His own nails were also suffering. He was the owner and CEO. “It takes big bucks to get a case that far through the system,” he said. “That case nearly bankrupted us, the company and me. That was about the time my spouse and I said, ‘We’ve got to get serious about selling this company.’” 

The arguments in 2009 before the Fourth Circuit will sound familiar to anyone who has followed the Supreme Court’s current cases. “Nemet argued that we had edited and categorized complaints from its customers, thereby making our reviews ‘content creation,’ as opposed to a simple conduit where consumers could vent,” Hood said.

Meanwhile, ConsumerAffairs cited Section 230 as its defense, noting the law said Internet sites could not be held liable for what third parties posted. The 1996 law was about to get its first legal challenge.

The justices ruled in favor of ConsumerAffairs, saying the car dealer hadn’t made any “cognizable argument” that the ConsumerAffairs practice of contacting a reviewer to ask a question amounted to content “creation.” (It’s still our practice to contact customers to ask them questions about a company.)

“Assuming it to be true that contacted the consumers to ask some unknown question,” the justices wrote, “this bare allegation proves nothing as to Nemet's claim is an information content provider.”

The legal win, Hood recalled, helped entrench Section 230 as “settled law.” It also immunized ConsumerAffairs and presumably other sites fueled by user content against future nuisance suits.

 “When angry businesses pressed their lawyers to sue us, the attorneys would do a quick look and advise that suing ConsumerAffairs was a losing proposition. We had the law on our side,” Hood said.

Then and now

Hood sold the company to current CEO Zac Carman in 2010 but remained as editor–in–chief until he retired in 2017, as the digital world rapidly changed. Social media became embroiled in controversy over which posts it would allow but didn’t have to fear defamation lawsuits.

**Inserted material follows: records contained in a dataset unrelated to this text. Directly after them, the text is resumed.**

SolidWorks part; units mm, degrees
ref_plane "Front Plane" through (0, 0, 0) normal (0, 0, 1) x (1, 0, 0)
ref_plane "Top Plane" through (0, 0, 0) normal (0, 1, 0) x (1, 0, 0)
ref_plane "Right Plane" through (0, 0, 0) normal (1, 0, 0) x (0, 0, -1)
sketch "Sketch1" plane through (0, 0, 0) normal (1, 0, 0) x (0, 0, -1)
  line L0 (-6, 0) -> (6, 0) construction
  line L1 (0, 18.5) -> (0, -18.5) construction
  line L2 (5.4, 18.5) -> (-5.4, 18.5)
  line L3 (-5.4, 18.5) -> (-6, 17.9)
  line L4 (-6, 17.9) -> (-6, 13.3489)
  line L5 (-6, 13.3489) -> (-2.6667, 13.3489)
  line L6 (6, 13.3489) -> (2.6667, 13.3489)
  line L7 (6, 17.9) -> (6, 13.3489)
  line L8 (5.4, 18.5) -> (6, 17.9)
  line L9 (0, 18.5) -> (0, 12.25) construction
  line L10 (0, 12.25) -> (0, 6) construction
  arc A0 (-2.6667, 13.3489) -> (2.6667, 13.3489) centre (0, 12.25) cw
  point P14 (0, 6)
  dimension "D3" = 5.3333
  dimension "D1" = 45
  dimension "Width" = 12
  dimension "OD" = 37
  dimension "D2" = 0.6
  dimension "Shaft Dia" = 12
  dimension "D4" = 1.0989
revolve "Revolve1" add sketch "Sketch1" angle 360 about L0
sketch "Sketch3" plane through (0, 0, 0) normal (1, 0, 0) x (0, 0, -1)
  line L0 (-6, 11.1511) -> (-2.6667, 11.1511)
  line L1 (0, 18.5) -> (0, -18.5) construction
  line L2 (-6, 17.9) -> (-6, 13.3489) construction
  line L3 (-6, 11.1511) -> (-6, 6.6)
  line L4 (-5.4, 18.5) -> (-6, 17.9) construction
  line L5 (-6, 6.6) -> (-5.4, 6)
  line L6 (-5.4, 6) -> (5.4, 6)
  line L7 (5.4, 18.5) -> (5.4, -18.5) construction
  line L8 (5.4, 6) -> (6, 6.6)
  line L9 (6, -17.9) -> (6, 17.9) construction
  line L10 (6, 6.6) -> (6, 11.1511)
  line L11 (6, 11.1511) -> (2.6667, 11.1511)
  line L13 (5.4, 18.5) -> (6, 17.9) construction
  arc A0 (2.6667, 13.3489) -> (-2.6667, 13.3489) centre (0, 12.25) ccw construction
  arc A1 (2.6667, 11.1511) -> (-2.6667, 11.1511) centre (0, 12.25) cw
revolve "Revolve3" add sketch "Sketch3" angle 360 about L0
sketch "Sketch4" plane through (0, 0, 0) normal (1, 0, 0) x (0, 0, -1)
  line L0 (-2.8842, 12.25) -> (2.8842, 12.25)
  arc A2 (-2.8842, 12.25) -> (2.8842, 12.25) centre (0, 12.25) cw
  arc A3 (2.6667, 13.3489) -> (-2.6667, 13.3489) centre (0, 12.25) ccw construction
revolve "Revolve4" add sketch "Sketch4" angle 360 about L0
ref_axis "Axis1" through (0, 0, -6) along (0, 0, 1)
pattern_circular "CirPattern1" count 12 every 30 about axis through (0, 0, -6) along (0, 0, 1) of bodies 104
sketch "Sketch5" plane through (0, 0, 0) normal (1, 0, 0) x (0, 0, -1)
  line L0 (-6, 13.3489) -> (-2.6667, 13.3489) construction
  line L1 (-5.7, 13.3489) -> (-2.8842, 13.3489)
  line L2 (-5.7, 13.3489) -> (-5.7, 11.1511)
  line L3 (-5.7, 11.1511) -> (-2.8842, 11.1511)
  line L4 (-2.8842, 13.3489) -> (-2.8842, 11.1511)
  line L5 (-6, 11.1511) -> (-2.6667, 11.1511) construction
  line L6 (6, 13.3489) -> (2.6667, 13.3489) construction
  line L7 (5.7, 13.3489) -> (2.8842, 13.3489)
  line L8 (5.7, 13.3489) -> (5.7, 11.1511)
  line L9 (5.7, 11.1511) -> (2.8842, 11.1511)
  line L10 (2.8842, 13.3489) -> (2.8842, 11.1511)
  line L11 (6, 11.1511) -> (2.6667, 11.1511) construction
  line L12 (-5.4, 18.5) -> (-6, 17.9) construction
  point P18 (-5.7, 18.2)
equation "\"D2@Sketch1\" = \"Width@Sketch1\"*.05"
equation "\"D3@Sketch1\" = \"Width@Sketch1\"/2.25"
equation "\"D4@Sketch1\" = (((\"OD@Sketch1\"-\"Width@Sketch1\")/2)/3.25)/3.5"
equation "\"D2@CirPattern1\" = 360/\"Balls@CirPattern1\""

Corporations went from being largely indifferent about the “consumer experience” to blasting out customer service surveys after any and every transaction.

That brings us to the cases currently before the Supreme Court, which Hood says have an Alice in Wonderland quality about them.

New state laws in Texas and Florida want to reverse the now-established precedent on the grounds that content moderation can equal censorship. The new laws permit the government or lawsuits to force sites to carry content they don’t want to. 

Are those laws constitutional? That is what the U.S. Supreme Court is considering. 

Hood believes the framers would frown at the new laws as government censorship, only in reverse. While Americans have the right to free speech, he said, they don’t have the right of access to a site owned by a private company.

“The framers left no doubt that publishers should be free to publish without interference from the government, leaving it up to the citizenry to read all sides and make their own decisions,” Hood said.